I have the same router set up like this connected to another router with a connection, it does work because i'm connected to it!


----------



## shebe (Jan 27, 2007)

For future reference: Does it matter or is there pros and cons to which router goes first in the set up? 

(Jackdw tysm your info is a lifesave!) 

Ciao


----------



## jackdw (Jul 1, 2005)

The only pros and cons will be in the routers themselves. If one has a feature such as dynamicDNS or something, that will need to be the one that connects. If you just use it to connect and surf, it doesn't matter but I'd keep your linksys there connected seeing it already is.

If you need to forward ports, you only need to on the router with the connection. When it reachers the second router it will already have the local IP address so the router can just forward it like a switch.

Glad I helped, I have the same router so I thought I may as well post what I did.


----------



## JohnWill (Oct 19, 2002)

Connecting two SOHO broadband routers together.

Configure the IP address of the secondary router to be in the same subnet as the primary router, but out of the range of the DHCP server in the primary router. For instance DHCP server addresses 192.168.0.2 through 192.168.0.100, I'd assign the secondary router 192.168.0.254 as it's IP address.

Disable the DHCP server in the secondary router.

Setup the wireless section just the way you would if it was the primary router.

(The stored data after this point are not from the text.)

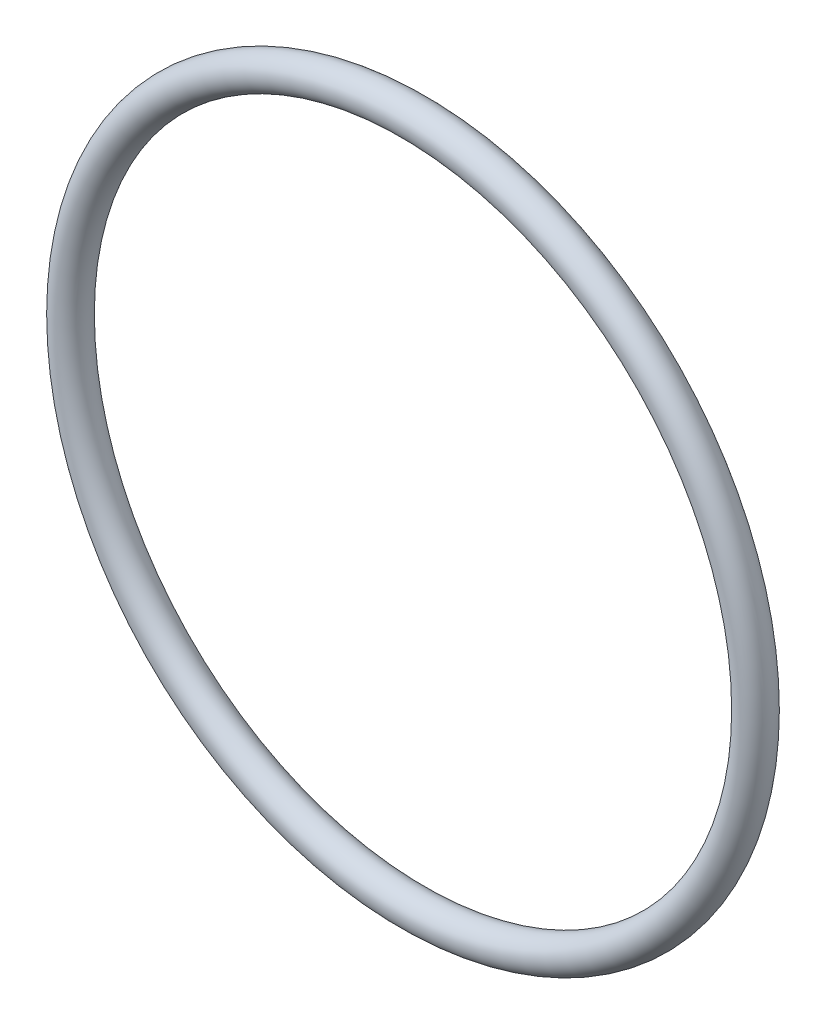
from build123d import *

# Parameters (mm, degrees)
SKETCH2_R = 1.3081


with BuildPart() as part:
    # Sketch2 → Revolve1 (revolve)
    with BuildSketch(Plane(origin=(0, 0, 0), x_dir=(1, 0, 0), z_dir=(0, 1, 0)), mode=Mode.PRIVATE) as revolve1_sk:
        with Locations((-26.543, 0)):
            Circle(SKETCH2_R)
    revolve(revolve1_sk.sketch.rotate(Axis((0, 0, 1.3081), (0, 0, -1)), 180), axis=Axis((0, 0, 1.3081), (0, 0, -1)))


solid = part.part
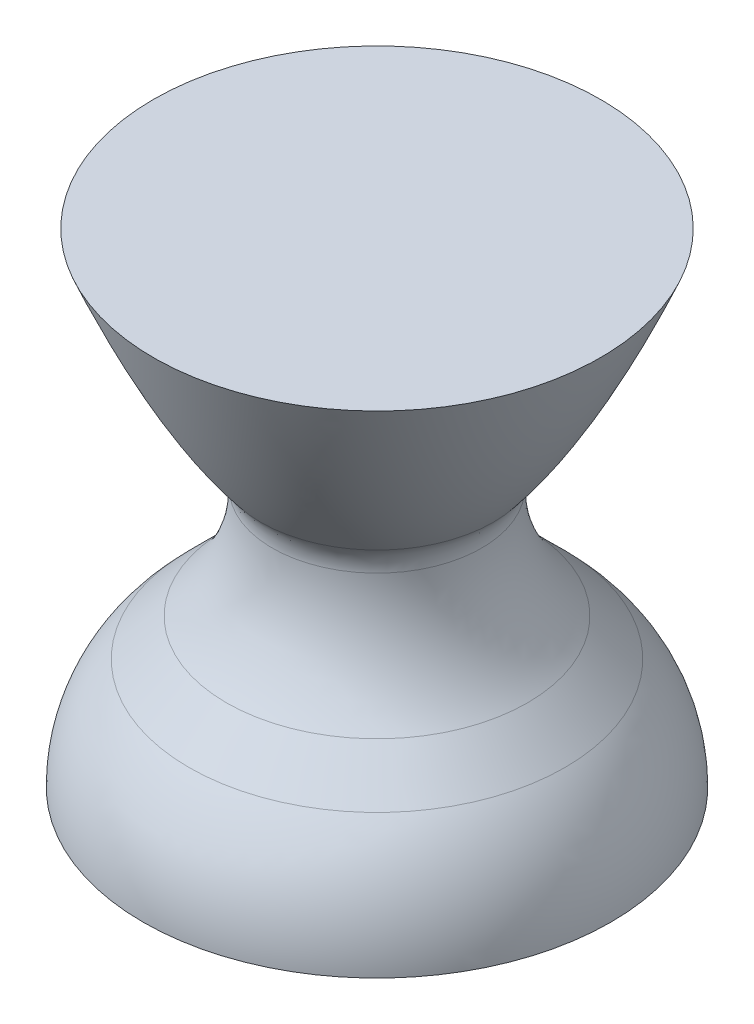
from build123d import *


with BuildPart() as part:
    # Sketch1 → Revolve1 (revolve)
    with BuildSketch(Plane.XY, mode=Mode.PRIVATE) as revolve1_sk:
        with BuildLine():
            Line((53.881648239, -59.727398382), (0, -59.727398382))
            Line((0, -59.727398382), (0, 51.720538141))
            Line((0, 51.720538141), (51.50993, 51.720538141))
            add(Edge.make_bspline(
                [(26.7953998, 6.509515166), (39.1526649, 21.980332275), (51.50993, 51.720538141)],
                knots=[0, 0, 0, 1, 1, 1], degree=2))
            add(Edge.make_bspline(
                [(24.099188471, 0.000275515), (24.099189098, 0.036168168), (24.099726929, 0.110389205), (24.10214432, 0.267916585), (24.108582165, 0.427339632), (24.120654196, 0.647039782), (24.141555684, 0.901708843), (24.175305316, 1.202812788), (24.226619903, 1.542326013), (24.290664299, 1.881272292), (24.367262199, 2.216629935), (24.456444169, 2.549514936), (24.55786201, 2.87836816), (24.671739668, 3.203622556), (24.797317368, 3.523902673), (24.935406574, 3.839942248), (25.084190898, 4.1495577), (25.24613282, 4.455058638), (25.416609102, 4.751577091), (25.602635318, 5.045979377), (25.791908867, 5.325794451), (26.004526072, 5.611003058), (26.178996971, 5.833189163), (26.366466353, 6.050227152), (26.504675845, 6.208917162), (26.670562667, 6.382397294), (26.744640858, 6.458754357), (26.7953998, 6.509515166)],
                knots=[0.082568816, 0.082568816, 0.082568816, 0.082568816, 0.082568816, 0.102426634, 0.122284453, 0.142142271, 0.162000089, 0.201715725, 0.241431362, 0.281146998, 0.320862634, 0.360578271, 0.400293907, 0.440009544, 0.47972518, 0.519440816, 0.559156453, 0.598872089, 0.638587725, 0.678303362, 0.718018998, 0.757734635, 0.797450271, 0.837165907, 0.857023726, 0.876881544, 0.91659718, 0.91659718, 0.91659718, 0.91659718, 0.91659718], degree=4))
            add(Edge.make_bspline(
                [(24.099188471, 0.000275515), (24.099189702, -0.070253128), (24.09971885, -0.213308671), (24.102094536, -0.542907397), (24.108418931, -0.823884877), (24.117904054, -1.194546552), (24.130546348, -1.513159539), (24.146346573, -1.861664084), (24.165301833, -2.193431352), (24.192939448, -2.61779388), (24.232407657, -3.121758427), (24.30342032, -3.879703155), (24.423247294, -4.886174868), (24.599606665, -6.05643524), (24.851005859, -7.384890894), (25.151915945, -8.703298994), (25.50189126, -10.009361687), (25.900481625, -11.301544074), (26.347066039, -12.577823812), (26.841123975, -13.83661196), (27.381793779, -15.075921604), (27.968600048, -16.294334268), (28.600260064, -17.489663267), (29.276653067, -18.661012229), (29.995565778, -19.805467867), (30.75814268, -20.923584544), (31.459287877, -21.874136229), (32.08885681, -22.673169948), (32.624249106, -23.320146605), (33.07237646, -23.839729482), (33.50857072, -24.329540711), (33.935946817, -24.788208854), (34.245679337, -25.113592774), (34.536980656, -25.40937351), (34.636533124, -25.509674395), (34.686403502, -25.55954658)],
                knots=[0.082637729, 0.082637729, 0.082637729, 0.082637729, 0.082637729, 0.092574926, 0.102512123, 0.11244932, 0.122386517, 0.132323714, 0.142260911, 0.152198108, 0.162135305, 0.182009699, 0.201884093, 0.24163288, 0.281381668, 0.321130456, 0.360879243, 0.400628031, 0.440376819, 0.480125606, 0.519874394, 0.559623181, 0.599371969, 0.639120757, 0.678869544, 0.718618332, 0.75836712, 0.798115907, 0.817990301, 0.837864695, 0.857739089, 0.877613483, 0.897487877, 0.907425074, 0.91736227, 0.91736227, 0.91736227, 0.91736227, 0.91736227], degree=4))
            Line((34.686403502, -25.55954658), (43.294031702, -34.167174779))
            add(Edge.make_bspline(
                [(53.881648239, -59.727398382), (53.881647008, -59.656868328), (53.881117865, -59.515291274), (53.878742017, -59.181449787), (53.872417419, -58.904680664), (53.862931934, -58.532452659), (53.850289038, -58.212722793), (53.830538212, -57.781479613), (53.800525874, -57.28084507), (53.756313714, -56.687883336), (53.677409048, -55.848365536), (53.577547462, -55.00805103), (53.456796391, -54.172320599), (53.286931432, -53.172310408), (53.092184802, -52.177327988), (52.86649574, -51.188424249), (52.610134849, -50.207374203), (52.32940997, -49.232962903), (52.024469374, -48.265854385), (51.633658471, -47.149020227), (51.139641007, -45.890293563), (50.598854405, -44.650853958), (50.012181586, -43.432586677), (49.380240895, -42.236978387), (48.704245899, -41.066040024), (47.984596196, -39.920857799), (47.22322282, -38.803961377), (46.519989747, -37.851336919), (45.893658628, -37.055557253), (45.352938374, -36.40326641), (44.915247645, -35.894132759), (44.514896888, -35.446877781), (44.181578203, -35.084516308), (43.874045326, -34.760225272), (43.67419311, -34.551434571), (43.444512777, -34.318401406), (43.343903856, -34.217047173), (43.294031702, -34.167174779)],
                knots=[0.082637729, 0.082637729, 0.082637729, 0.082637729, 0.082637729, 0.092574926, 0.102512123, 0.11244932, 0.122386517, 0.132323714, 0.142260911, 0.162135305, 0.182009699, 0.201884093, 0.24163288, 0.261507274, 0.281381668, 0.321130456, 0.360879243, 0.380753637, 0.400628031, 0.440376819, 0.480125606, 0.519874394, 0.559623181, 0.599371969, 0.639120757, 0.678869544, 0.718618332, 0.75836712, 0.798115907, 0.817990301, 0.837864695, 0.857739089, 0.877613483, 0.88755068, 0.897487877, 0.907425074, 0.91736227, 0.91736227, 0.91736227, 0.91736227, 0.91736227], degree=4))
        make_face()
    revolve(revolve1_sk.sketch.rotate(Axis((0, 61.162466261, 0), (0, -1, 0)), 180), axis=Axis((0, 61.162466261, 0), (0, -1, 0)))


solid = part.part
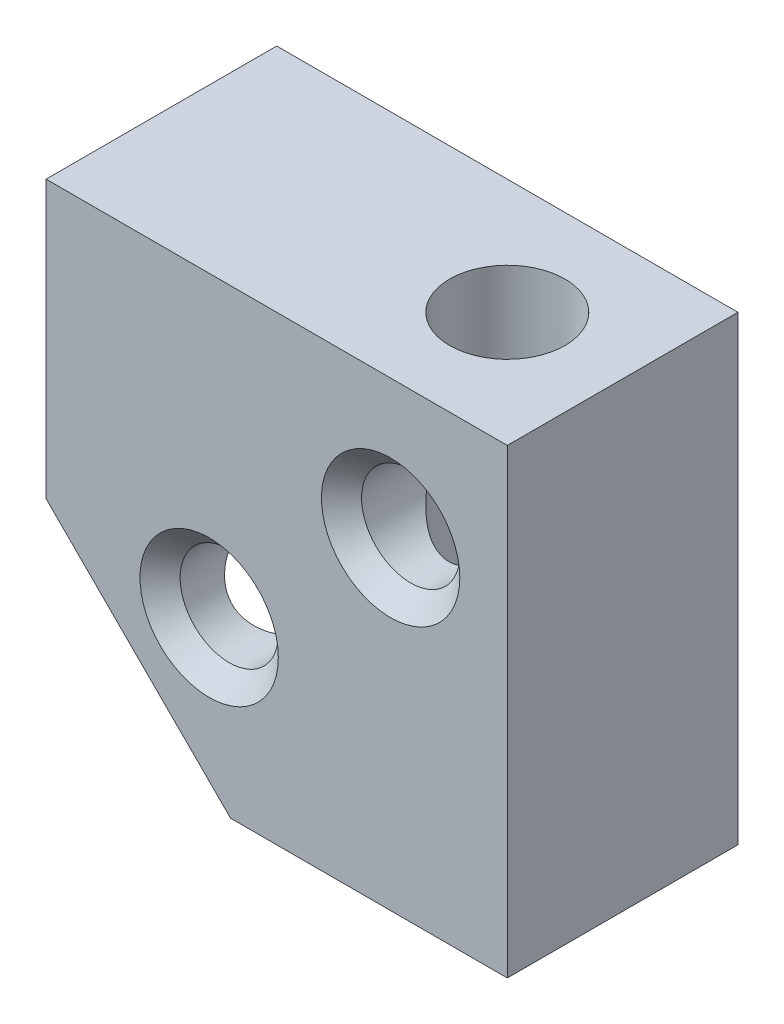
from build123d import *

# Parameters (mm, degrees)
SKETCH1_W                         = 25.4
SKETCH1_H                         = 25.4
BOSS_EXTRUDE1_DEPTH               = 12.7
CHAMFER1_SIZE                     = 10.16
SKETCH2_R                         = 3.175
CUT_EXTRUDE1_DEPTH                = 25.4
SKETCH3_R                         = 3.175
CUT_EXTRUDE2_DEPTH                = 10.16
F_1_4_28_TAPPED_HOLE1_D           = 5.4102
F_1_4_28_TAPPED_HOLE1_DEPTH       = 15.494
F_1_4_28_TAPPED_HOLE1_CSINK_D     = 7.62
F_1_4_28_TAPPED_HOLE1_CSINK_ANGLE = 90
F_1_4_28_TAPPED_HOLE1_TIP         = 1.625388061


with BuildPart() as part:
    # Sketch1 → Boss-Extrude1 (new body)
    with BuildSketch(Plane.XY):
        with Locations((12.7, 12.7)):
            Rectangle(SKETCH1_W, SKETCH1_H)
    extrude(amount=BOSS_EXTRUDE1_DEPTH)

    # Chamfer1
    chamfer1_edges = [part.edges().sort_by_distance(p)[0] for p in [
        (0, 0, 6.35),
    ]]
    chamfer(chamfer1_edges, length=CHAMFER1_SIZE)

    # Sketch2 → Cut-Extrude1 (cut)
    with BuildSketch(Plane(origin=(0, 25.4, 0), x_dir=(1, 0, 0), z_dir=(0, 1, 0))):
        with Locations(Location((19.05, -6.35, 0), (0, 0, 270))):
            Circle(SKETCH2_R)
    extrude(amount=-CUT_EXTRUDE1_DEPTH, mode=Mode.SUBTRACT)

    # Sketch3 → Cut-Extrude2 (cut)
    with BuildSketch(Plane(origin=(5.08, 5.08, 0), x_dir=(0, 0, 1), z_dir=(-0.7071067811865488, -0.7071067811865462, 0))):
        with Locations(Location((6.35, 0, 0), (0, 0, 270))):
            Circle(SKETCH3_R)
    extrude(amount=-CUT_EXTRUDE2_DEPTH, mode=Mode.SUBTRACT)

    # 1/4-28 Tapped Hole1
    with Locations(Plane.XY.offset(12.7)):
        with Locations((8.980256121, 8.980256121), (18.974124868, 17.78)):
            CounterSinkHole(F_1_4_28_TAPPED_HOLE1_D / 2, F_1_4_28_TAPPED_HOLE1_CSINK_D / 2, depth=F_1_4_28_TAPPED_HOLE1_DEPTH, counter_sink_angle=F_1_4_28_TAPPED_HOLE1_CSINK_ANGLE)
            with Locations((0, 0, -(F_1_4_28_TAPPED_HOLE1_DEPTH + F_1_4_28_TAPPED_HOLE1_TIP / 2))):  # 118° drill point
                Cone(0, F_1_4_28_TAPPED_HOLE1_D / 2, F_1_4_28_TAPPED_HOLE1_TIP, mode=Mode.SUBTRACT)


solid = part.part
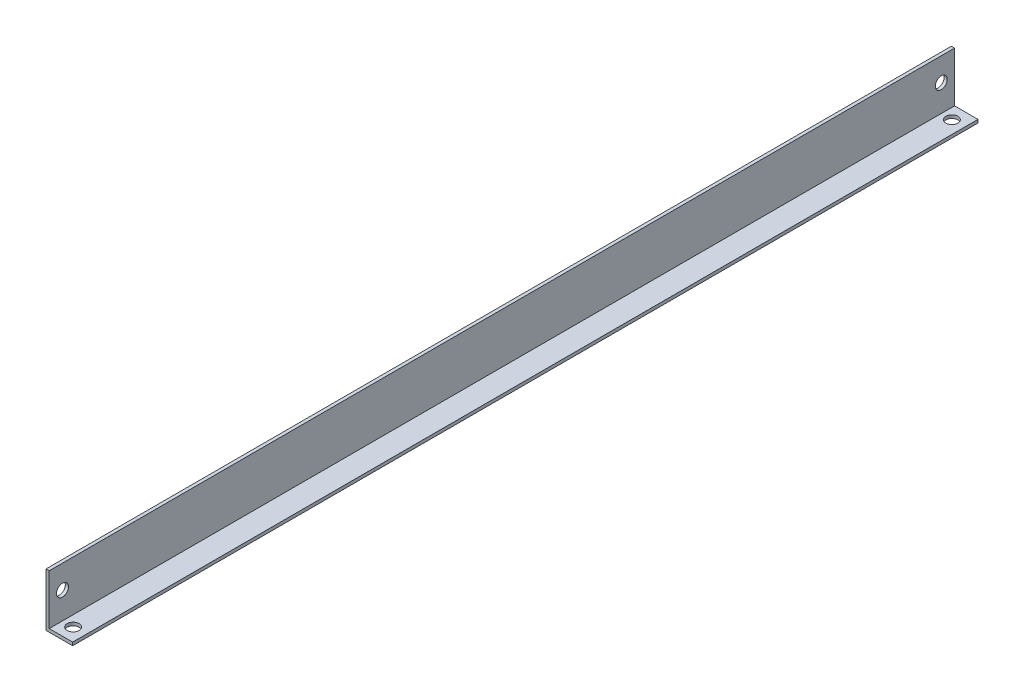
from build123d import *

# Parameters (mm, degrees)
EXTRUDE_1_DEPTH       = 340
HOLE_WIZARD_M41_D     = 4.5
HOLE_WIZARD_M41_DEPTH = 5
HOLE_WIZARD_M41_TIP   = 1.351936393
HOLE_WIZARD_M42_D     = 4.5
HOLE_WIZARD_M42_DEPTH = 5
HOLE_WIZARD_M42_TIP   = 1.351936393


with BuildPart() as part:
    # Эскиз1 → Бобышка-Вытянуть1 (new body)
    with BuildSketch(Plane.XY):
        Polygon((0, 0), (0, 20), (1.2, 20), (1.2, 1.2), (10, 1.2), (10, 0), align=None)
    extrude(amount=EXTRUDE_1_DEPTH)

    # Отверстие с зазором M41
    with Locations(Plane.ZY):
        with Locations((335, 11.2), (5, 11.2)):
            Hole(HOLE_WIZARD_M41_D / 2, depth=HOLE_WIZARD_M41_DEPTH)
            with Locations((0, 0, -(HOLE_WIZARD_M41_DEPTH + HOLE_WIZARD_M41_TIP / 2))):  # 118° drill point
                Cone(0, HOLE_WIZARD_M41_D / 2, HOLE_WIZARD_M41_TIP, mode=Mode.SUBTRACT)

    # Отверстие с зазором M42
    with Locations(Plane.XZ):
        with Locations((5.2, 5), (5.2, 335)):
            Hole(HOLE_WIZARD_M42_D / 2, depth=HOLE_WIZARD_M42_DEPTH)
            with Locations((0, 0, -(HOLE_WIZARD_M42_DEPTH + HOLE_WIZARD_M42_TIP / 2))):  # 118° drill point
                Cone(0, HOLE_WIZARD_M42_D / 2, HOLE_WIZARD_M42_TIP, mode=Mode.SUBTRACT)


solid = part.part
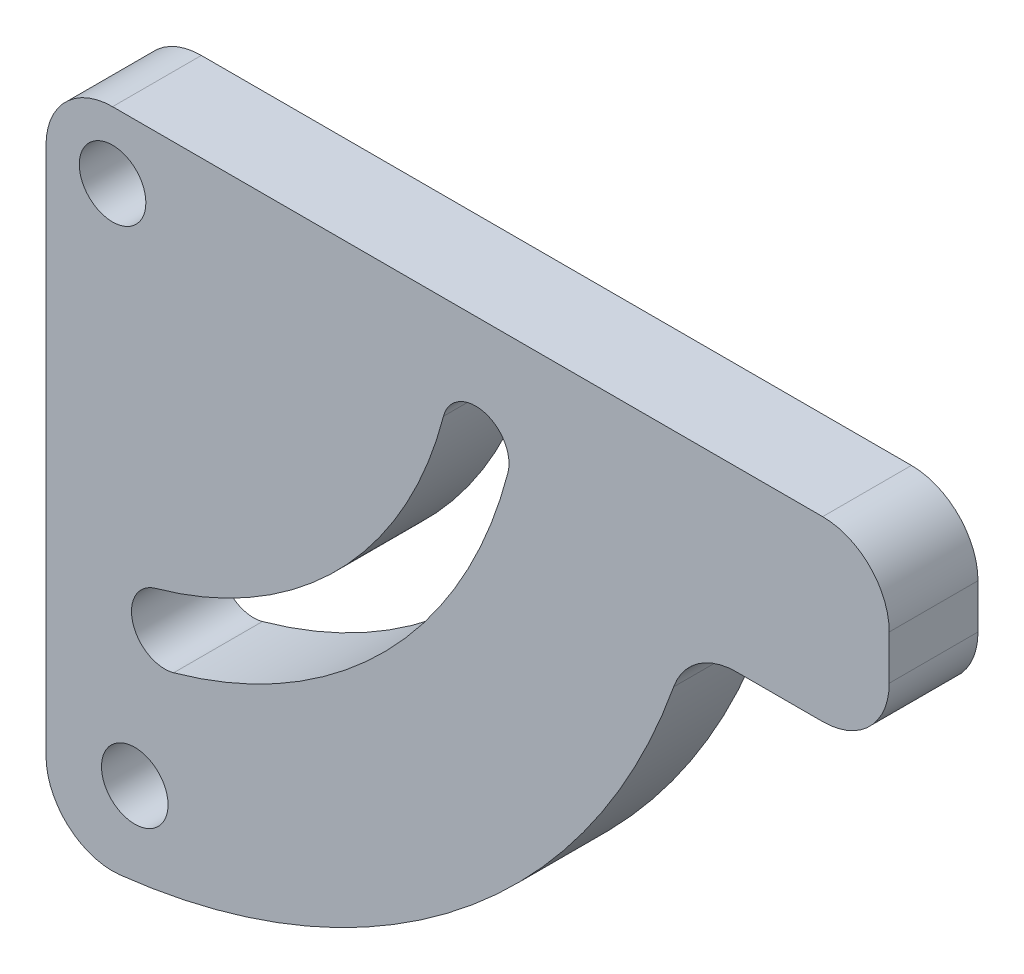
from build123d import *

# Parameters (mm, degrees)
SKETCH1_R           = 1.5
BOSS_EXTRUDE1_DEPTH = 4
FILLET1_R           = 3


with BuildPart() as part:
    # Sketch1 → Boss-Extrude1 (new body)
    with BuildSketch(Plane.XY):
        with BuildLine():
            Line((0, 0), (30, 0))
            Line((30, 0), (38, 0))
            Line((38, 0), (38, -8))
            Line((38, -8), (28.91366459, -8))
            ThreePointArc((28.91366459, -8), (18.165902125, -23.874672773), (0, -30))
            Line((0, -30), (0, 0))
        make_face()
        with Locations((4, -26)):
            Circle(SKETCH1_R, mode=Mode.SUBTRACT)
        with Locations((3, -3)):
            Circle(SKETCH1_R, mode=Mode.SUBTRACT)
        with BuildLine():
            ThreePointArc((4.950906496, -17.825221594), (3.907043109, -19.671934682), (5.753756198, -20.715798069))
            ThreePointArc((5.753756198, -20.715798069), (15.340798069, -15.063529288), (20.817285486, -5.375))
            ThreePointArc((20.817285486, -5.375), (19.739916731, -3.547631245), (17.912547976, -4.625))
            ThreePointArc((17.912547976, -4.625), (13.200221594, -12.961641481), (4.950906496, -17.825221594))
        make_face(mode=Mode.SUBTRACT)
    extrude(amount=BOSS_EXTRUDE1_DEPTH)

    # Fillet1
    fillet1_edges = [part.edges().sort_by_distance(p)[0] for p in [
        (0, 0, 2),
        (38, 0, 2),
        (38, -8, 2),
        (28.91366459, -8, 2),
        (0, -30, 2),
    ]]
    fillet(fillet1_edges, radius=FILLET1_R)


solid = part.part

Connect from the primary router's LAN port to one of the LAN ports on the secondary router. If there is no uplink port and neither of the routers have auto-sensing ports, use a cross-over cable. Leave the WAN port unconnected!


----------



## jwarren4u (Mar 5, 2006)

If you just need the 3 wired ports, doen't the free wireles router have a 4 port hub built in already, if so just remove the wired router entirely


----------



## shebe (Jan 27, 2007)

It's been a few days since I could get back to setting up the wireless part of my notebook. Now I have a couple of 'new' question about using the wireless router instead of the wired router:

Jwarren suggested using the wireless router instead of the wired... My first question is: Can a wireless router be used for both wired and wireless connections? 

I've had problems loading the wireless software into the notebook. It will open, but I can't do the "setup." Instead it keeps saying, "A firewall or popup was blocking it." I've turned off everything I could think of, but to no avail. (To make sure it wasn't the disc I loaded it into another notebook, so it does work.) Any suggestions on how to solve this problem?

Also, does the wireless router software "have" to be loaded into the computer that is going to be wireless or will any computer on the "network" do? 

Thank you for your time and acknowledge.

windowsxp
avg grisoft
adware
spybot
Unistalled Norton


----------



## jackdw (Jul 1, 2005)

Can a wireless router be used for both wired and wireless connections? 
Most, in fact, nearly all wireless routers have both wireless and at least 4 ethernet ports. If your router has both, yes you certainly can.

Windows Xp should have built in wireless drivers and all you use is the network connections to find a connect to a wireless network. I find it more reliable than most branded programs.


----------